2-bfvd.version: version file.
3-bfvd_foldcompdb.tar.gz: Compressed version of Foldseek database using Foldcomp.
Only 347,481 structures, none of which are discontinuous, were included.
4-bfvd_foldseekdb.tar.gz: Foldseek databse of 351,242 predicted structures of BFVD.
5-bfvd_metadata.tsv: General information of each model.

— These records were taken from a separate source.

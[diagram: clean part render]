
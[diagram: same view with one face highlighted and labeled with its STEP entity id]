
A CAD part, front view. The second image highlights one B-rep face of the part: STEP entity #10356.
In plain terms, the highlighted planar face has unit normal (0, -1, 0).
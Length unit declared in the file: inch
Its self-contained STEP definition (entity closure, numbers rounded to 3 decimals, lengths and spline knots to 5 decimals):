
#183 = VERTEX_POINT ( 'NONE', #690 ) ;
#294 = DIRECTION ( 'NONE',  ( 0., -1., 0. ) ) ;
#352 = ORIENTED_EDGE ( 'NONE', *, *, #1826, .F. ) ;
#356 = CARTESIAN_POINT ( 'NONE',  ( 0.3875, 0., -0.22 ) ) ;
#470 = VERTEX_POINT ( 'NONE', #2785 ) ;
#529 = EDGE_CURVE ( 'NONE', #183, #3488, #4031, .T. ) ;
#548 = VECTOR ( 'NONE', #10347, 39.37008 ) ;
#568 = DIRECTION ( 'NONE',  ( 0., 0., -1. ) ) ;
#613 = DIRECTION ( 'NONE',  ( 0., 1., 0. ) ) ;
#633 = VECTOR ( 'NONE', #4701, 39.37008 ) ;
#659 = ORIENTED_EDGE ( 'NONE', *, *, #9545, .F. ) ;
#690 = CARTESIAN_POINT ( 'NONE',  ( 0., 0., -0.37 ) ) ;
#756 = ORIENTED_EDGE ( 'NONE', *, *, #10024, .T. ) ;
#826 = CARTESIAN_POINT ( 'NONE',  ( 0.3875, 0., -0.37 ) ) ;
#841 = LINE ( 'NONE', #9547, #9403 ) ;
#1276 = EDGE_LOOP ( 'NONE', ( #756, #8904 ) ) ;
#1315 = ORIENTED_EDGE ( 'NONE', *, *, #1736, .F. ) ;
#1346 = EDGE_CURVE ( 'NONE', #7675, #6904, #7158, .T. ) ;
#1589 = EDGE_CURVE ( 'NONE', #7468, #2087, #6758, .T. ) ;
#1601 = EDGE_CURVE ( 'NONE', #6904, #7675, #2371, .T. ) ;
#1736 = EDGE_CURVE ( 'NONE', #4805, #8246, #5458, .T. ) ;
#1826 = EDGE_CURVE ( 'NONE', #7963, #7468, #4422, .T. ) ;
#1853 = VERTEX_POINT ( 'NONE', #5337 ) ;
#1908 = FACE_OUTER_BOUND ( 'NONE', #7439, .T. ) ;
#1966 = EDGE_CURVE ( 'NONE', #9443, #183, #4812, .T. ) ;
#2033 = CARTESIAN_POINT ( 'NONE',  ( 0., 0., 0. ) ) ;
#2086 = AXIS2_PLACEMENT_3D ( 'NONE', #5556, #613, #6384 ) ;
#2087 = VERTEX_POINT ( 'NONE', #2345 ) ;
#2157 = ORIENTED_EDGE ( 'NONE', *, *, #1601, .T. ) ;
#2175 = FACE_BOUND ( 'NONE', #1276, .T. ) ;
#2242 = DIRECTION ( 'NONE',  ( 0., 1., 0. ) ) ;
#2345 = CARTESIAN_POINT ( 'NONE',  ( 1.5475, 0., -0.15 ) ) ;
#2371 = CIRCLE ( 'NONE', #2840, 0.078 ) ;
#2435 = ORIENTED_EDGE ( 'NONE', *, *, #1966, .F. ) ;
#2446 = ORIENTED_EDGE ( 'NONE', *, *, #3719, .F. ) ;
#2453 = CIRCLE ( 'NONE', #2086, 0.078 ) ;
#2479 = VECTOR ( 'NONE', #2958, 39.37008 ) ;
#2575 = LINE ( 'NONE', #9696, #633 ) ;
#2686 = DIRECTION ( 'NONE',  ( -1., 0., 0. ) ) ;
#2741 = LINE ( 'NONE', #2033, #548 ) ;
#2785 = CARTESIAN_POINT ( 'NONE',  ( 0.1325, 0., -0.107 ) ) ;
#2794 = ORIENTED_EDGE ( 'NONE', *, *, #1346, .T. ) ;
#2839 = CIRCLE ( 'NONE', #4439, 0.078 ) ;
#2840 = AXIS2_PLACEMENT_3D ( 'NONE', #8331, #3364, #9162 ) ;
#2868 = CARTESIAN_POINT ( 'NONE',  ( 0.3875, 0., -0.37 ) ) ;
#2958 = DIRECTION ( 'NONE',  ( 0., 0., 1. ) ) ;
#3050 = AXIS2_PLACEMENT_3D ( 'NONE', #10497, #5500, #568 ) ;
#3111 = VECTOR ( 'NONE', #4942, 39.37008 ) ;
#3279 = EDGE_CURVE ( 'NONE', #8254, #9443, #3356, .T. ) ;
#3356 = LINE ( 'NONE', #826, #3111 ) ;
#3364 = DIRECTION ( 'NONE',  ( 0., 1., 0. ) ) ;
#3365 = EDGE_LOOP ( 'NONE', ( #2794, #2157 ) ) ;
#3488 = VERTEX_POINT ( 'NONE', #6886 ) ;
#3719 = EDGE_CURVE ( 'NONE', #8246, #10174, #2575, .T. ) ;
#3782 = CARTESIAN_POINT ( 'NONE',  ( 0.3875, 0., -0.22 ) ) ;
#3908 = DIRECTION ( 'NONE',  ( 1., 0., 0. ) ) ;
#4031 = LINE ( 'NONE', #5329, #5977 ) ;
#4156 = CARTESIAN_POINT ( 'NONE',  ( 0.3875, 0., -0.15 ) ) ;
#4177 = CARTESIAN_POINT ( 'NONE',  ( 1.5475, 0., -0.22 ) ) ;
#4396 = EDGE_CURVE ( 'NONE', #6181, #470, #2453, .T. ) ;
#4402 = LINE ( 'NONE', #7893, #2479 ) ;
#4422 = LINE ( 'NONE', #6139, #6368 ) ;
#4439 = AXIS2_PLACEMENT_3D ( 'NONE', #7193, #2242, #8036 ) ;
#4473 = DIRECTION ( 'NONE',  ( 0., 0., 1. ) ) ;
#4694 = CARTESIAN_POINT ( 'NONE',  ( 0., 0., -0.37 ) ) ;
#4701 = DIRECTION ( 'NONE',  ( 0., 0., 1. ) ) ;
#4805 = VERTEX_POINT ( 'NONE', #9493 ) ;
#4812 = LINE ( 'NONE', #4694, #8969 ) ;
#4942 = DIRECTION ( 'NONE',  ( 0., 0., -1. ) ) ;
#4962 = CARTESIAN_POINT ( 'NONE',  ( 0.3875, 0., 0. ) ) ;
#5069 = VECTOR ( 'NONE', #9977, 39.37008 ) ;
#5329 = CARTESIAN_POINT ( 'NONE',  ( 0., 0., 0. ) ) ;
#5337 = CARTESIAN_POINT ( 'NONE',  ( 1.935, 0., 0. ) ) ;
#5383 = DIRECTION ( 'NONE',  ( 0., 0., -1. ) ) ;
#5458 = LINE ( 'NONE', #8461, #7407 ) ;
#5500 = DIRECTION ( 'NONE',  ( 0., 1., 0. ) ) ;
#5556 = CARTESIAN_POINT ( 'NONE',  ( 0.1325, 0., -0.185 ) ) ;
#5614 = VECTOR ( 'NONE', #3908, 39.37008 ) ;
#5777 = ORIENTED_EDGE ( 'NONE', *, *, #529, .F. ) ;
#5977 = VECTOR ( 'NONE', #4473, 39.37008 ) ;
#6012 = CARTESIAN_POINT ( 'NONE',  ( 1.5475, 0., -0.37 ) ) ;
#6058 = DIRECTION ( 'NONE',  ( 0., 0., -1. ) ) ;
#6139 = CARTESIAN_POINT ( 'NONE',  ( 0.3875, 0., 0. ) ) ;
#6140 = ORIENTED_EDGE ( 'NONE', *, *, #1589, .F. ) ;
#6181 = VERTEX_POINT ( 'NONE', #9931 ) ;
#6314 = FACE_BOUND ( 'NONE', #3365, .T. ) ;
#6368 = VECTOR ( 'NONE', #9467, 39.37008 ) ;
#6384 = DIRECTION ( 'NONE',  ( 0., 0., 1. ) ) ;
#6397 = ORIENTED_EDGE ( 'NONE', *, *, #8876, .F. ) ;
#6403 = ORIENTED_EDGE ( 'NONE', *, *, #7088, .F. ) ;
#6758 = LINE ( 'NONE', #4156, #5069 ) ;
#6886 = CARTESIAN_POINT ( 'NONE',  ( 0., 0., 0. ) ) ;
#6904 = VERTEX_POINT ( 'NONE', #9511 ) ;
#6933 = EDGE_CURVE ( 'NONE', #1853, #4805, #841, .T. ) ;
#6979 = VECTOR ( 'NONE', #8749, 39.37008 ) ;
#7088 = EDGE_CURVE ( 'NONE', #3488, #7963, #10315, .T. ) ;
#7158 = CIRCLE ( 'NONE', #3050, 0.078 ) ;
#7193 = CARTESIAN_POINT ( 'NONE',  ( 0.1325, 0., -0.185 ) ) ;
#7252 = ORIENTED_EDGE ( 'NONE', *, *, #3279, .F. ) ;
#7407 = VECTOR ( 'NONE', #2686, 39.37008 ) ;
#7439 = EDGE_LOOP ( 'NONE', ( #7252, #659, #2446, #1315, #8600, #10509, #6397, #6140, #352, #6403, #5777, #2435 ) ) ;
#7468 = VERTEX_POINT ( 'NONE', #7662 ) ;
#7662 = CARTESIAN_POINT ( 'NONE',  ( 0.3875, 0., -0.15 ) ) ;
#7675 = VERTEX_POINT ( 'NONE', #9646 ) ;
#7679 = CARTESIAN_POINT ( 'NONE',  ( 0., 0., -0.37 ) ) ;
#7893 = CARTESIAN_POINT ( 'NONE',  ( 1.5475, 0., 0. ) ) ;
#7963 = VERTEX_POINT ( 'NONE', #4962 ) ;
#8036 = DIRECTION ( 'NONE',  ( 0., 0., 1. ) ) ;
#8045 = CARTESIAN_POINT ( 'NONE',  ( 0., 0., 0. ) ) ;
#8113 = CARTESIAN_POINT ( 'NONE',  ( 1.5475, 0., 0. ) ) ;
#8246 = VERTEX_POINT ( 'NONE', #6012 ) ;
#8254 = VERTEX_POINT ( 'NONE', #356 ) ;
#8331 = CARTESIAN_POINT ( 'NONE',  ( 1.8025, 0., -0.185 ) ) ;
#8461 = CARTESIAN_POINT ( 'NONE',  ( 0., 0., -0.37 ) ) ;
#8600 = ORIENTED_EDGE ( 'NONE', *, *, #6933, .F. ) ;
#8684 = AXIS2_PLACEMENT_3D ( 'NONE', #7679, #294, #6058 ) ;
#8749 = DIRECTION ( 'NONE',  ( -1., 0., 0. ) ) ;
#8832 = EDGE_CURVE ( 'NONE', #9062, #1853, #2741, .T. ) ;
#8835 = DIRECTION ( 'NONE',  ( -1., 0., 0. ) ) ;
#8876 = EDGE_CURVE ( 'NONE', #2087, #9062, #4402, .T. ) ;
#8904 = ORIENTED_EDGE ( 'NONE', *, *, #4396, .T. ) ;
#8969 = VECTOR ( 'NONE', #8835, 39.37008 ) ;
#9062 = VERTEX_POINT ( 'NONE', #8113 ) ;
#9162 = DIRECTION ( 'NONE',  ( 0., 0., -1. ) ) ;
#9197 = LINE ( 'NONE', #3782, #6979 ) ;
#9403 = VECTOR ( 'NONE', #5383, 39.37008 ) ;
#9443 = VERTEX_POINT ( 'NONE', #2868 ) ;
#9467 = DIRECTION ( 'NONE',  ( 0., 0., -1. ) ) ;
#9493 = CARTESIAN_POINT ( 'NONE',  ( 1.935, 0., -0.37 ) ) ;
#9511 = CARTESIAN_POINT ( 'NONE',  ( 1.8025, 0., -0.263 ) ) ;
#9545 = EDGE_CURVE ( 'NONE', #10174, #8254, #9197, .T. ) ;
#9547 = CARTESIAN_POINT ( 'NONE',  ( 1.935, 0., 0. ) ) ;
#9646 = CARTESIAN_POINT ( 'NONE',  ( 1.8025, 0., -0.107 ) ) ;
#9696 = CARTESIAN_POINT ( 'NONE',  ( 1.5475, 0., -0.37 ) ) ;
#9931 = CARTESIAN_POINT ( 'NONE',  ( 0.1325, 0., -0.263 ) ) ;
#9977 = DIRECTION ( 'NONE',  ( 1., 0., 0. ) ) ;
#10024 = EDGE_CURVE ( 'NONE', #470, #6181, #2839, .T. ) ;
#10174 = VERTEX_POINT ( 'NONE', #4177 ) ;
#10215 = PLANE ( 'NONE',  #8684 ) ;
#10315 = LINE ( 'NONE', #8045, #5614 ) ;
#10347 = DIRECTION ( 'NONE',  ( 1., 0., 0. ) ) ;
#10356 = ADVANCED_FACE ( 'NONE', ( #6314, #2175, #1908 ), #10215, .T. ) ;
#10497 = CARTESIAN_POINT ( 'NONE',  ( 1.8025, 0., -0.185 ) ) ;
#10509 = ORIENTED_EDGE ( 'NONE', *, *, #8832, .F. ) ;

  1. UniRef100: UniRef100 identifier of the sequence
  2. model: File name of the predicted protein structure
  3. avg_pLDDT: Average pLDDT score of the predicted protein structure
  4. pTM: pTM score of the predicted protein structure
  5. splitted: Whether the protein sequence of UniRef100 entry was splitted into multiple models
    We splitted the protein sequences if their length are above 1500. (0 = not splitted, 1 = splitted)
  6. version: Specifies the MSA/refinement pipeline used to produce the final BFVD structure. (BASE, BASE+LOGAN, or BASE+LOGAN+12CY)
6-msa.tar: MSAs for each BFVD entries
7-bfvd_taxid.tsv: BFVD entry and their taxonomic identifier.
  1. model: File name of the BFVD.
  2. taxId: Taxonomy identifier of the protein.
    The protein ID, the portion before the first underscore in model, was used to retrieve the taxonomy ID.
8-bfvd_taxID_rank_scientificname_lineage.tsv: BFVD entry and their taxonomic information.
  1. model: File name of the BFVD.
  2. taxId: Taxonomy identifier of the protein.
    The protein ID, the portion before the first underscore in model, was used to retrieve the taxonomy ID.
  3. rank: rank of the taxonomy.
  4. scientific name: scientific name of the corresponding taxonomy identifier.
  5. lineage: lineage of the taxonomy.
9-uniref30_2302_virus-rep_mem.tsv: UniRef30 virus clusters.
  1. repId: Cluster representatives used for structure prediction
  2. memId: Member corresponding to the representative

License

All files are available under a Creative Commons Attribution 4.0 International License.